Assigning blame is one thing, but prevention is quite another. At the University of Iowa Hospitals and Clinics, where six patients developed infections tied to heater-cooler units, experts solved the problem by putting the devices in a room connected to—but separate from—the operating room, said Dr. Michael Edmond, clinical professor of infectious diseases. The policy was instituted in January, 2016, and no new infections have occurred.
This one has been well-covered by the LA Times. Writer Steve Lopez and his colleagues detail the misdeeds of former USC School of Medicine dean Dr. Carmen Puliafito—including drug-fueled parties with a prostitute, convicted criminals, and drug addicts. But, for Lopez, as well as me, the larger issue is the non-action and cover-up of Puliafito’s problems, since he had a great talent for bringing in major donations.
He resigned as dean in March, 2016, in the wake of an incident at a Pasadena hotel in which a much younger woman overdosed in his room, although no one knew about this at the time. The stated reason was that he wished to “move on and pursue a job in biotech.” Strangely, no police report was filed, and even though USC knew that Puliafito had a serious drug problem, they allowed him to keep seeing patients until the story broke on July 17, 2017. So far, USC President Nikias has kept mum.

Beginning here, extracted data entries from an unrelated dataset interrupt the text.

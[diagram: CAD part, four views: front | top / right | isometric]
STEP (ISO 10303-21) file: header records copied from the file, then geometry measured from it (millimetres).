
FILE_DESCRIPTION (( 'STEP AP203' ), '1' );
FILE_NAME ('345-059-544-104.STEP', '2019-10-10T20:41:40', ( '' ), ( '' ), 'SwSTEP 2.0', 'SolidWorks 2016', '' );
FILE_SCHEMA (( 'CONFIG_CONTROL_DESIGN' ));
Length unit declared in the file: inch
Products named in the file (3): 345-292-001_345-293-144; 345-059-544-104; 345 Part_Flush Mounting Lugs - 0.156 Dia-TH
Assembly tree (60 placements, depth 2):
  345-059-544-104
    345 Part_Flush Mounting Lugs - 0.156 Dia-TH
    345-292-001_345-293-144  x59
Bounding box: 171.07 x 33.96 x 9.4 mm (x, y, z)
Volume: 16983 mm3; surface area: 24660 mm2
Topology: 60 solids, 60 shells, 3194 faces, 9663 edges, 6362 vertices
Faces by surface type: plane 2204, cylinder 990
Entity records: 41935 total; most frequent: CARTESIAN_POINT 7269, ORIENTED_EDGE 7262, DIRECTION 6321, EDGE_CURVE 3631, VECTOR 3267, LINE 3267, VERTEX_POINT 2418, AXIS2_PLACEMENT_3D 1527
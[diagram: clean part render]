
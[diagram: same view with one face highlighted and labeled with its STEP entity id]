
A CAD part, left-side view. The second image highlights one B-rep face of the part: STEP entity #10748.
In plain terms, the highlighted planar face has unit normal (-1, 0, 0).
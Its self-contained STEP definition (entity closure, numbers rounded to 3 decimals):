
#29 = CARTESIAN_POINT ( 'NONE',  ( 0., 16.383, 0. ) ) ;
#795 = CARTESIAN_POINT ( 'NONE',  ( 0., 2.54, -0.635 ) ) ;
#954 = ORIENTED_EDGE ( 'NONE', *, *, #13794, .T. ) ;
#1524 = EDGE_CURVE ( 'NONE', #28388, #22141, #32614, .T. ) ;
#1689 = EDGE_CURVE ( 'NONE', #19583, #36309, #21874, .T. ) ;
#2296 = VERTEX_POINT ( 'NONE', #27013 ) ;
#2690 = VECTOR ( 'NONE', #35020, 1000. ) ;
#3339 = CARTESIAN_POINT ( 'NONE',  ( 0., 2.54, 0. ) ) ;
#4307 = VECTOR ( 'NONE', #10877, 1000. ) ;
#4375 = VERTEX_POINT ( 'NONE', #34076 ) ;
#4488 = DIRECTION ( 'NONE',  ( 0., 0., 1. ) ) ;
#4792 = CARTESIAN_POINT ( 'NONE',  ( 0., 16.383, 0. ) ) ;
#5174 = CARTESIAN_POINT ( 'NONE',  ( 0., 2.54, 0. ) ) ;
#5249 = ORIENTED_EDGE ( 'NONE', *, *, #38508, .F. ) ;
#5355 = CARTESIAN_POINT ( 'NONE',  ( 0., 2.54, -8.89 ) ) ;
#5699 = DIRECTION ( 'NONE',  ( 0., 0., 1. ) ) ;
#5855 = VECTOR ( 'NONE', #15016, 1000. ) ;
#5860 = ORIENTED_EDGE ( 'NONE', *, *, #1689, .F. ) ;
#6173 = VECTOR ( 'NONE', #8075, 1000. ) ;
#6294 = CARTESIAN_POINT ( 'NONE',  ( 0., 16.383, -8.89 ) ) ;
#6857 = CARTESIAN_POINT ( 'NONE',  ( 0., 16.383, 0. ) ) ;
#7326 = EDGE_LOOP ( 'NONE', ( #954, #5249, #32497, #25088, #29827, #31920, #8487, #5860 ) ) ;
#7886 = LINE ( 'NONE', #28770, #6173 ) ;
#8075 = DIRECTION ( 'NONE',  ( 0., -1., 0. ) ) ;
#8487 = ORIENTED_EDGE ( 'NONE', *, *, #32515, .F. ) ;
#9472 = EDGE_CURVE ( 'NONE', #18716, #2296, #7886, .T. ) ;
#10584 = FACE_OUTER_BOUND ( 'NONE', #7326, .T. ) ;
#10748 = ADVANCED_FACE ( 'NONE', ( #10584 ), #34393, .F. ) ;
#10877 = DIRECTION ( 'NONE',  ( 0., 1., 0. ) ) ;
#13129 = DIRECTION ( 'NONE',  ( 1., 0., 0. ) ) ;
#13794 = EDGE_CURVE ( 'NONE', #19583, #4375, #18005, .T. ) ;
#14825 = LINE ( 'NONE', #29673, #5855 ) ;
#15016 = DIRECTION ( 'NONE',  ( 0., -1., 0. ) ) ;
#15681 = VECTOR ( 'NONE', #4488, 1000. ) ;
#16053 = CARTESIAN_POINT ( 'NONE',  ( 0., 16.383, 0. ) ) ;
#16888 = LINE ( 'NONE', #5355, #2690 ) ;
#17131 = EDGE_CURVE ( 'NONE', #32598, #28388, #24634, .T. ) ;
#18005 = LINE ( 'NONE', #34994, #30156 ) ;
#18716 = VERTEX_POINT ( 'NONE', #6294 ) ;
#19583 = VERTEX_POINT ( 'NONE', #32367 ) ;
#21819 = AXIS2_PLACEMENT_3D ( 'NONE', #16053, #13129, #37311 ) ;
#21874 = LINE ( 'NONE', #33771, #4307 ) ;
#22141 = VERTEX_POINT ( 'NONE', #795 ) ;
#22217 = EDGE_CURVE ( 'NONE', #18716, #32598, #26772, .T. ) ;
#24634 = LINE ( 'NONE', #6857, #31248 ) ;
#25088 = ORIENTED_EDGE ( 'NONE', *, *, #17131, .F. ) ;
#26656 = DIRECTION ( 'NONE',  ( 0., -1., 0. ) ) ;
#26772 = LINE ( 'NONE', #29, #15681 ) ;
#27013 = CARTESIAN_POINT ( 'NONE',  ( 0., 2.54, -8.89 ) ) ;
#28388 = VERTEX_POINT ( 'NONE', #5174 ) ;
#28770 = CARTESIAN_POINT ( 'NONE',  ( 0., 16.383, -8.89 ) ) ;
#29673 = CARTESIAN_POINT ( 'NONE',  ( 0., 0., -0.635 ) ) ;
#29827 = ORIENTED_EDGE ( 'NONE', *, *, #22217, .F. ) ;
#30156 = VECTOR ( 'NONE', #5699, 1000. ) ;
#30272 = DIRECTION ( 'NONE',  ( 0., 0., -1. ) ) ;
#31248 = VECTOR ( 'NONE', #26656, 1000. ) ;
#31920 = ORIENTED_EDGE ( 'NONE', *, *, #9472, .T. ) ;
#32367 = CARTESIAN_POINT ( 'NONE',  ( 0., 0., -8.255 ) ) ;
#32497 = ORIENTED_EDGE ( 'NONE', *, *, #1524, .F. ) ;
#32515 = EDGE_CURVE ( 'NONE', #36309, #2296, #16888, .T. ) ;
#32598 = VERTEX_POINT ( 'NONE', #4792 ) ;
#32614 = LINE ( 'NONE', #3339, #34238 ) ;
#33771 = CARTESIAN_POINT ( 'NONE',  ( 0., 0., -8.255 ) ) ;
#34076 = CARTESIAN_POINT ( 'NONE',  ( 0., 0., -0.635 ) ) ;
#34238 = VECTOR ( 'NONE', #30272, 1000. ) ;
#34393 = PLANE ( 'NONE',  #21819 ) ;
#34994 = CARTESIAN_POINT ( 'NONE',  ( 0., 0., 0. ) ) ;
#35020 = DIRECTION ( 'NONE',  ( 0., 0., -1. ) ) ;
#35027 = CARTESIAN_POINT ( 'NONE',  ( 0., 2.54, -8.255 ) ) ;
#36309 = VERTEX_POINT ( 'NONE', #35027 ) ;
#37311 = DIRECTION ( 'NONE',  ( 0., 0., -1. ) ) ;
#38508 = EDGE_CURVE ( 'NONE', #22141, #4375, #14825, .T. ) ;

Even as a UCLA alumnus (our mortal enemy was USC), it gives me no pleasure to relate this quote from a faculty member: “What an embarrassing time to work for USC and Keck School of Medicine. To me, it seems like the university needs a complete moral inventory/overhaul.”
Edwin Leap, MD has a column on KevinMD. Here are some thoughts from his recent entry entitled “Cheaper health care isn’t hard.”
“I think a lot about what brings people to the hospital. And I have come to some conclusions. If people want to live healthier, longer and better, then the solutions are not especially complex. But they involve pretty hard decisions. They don’t, however, involve pills.” Yes, he makes exceptions for people with legit serious conditions. He’s talking lifestyle changes.
Don’t smoke. Eat less. “Stop sitting around. Do things. Be busy. Walk, hike, have an active hobby. Stop binge watching shows for hours (in fact, a study not long ago suggested that binge watching increases your risk of dangerous blood clots in the lung).”
“Some of my favorite patients are the 90 year olds who show up for something simple—a bruise or a cut, fresh from yard work.” They aren’t on any meds, and in the particular case he relates, do not even have a regular doctor.
Leap tells the patient: “Well there you go. That’s why you’re 90.”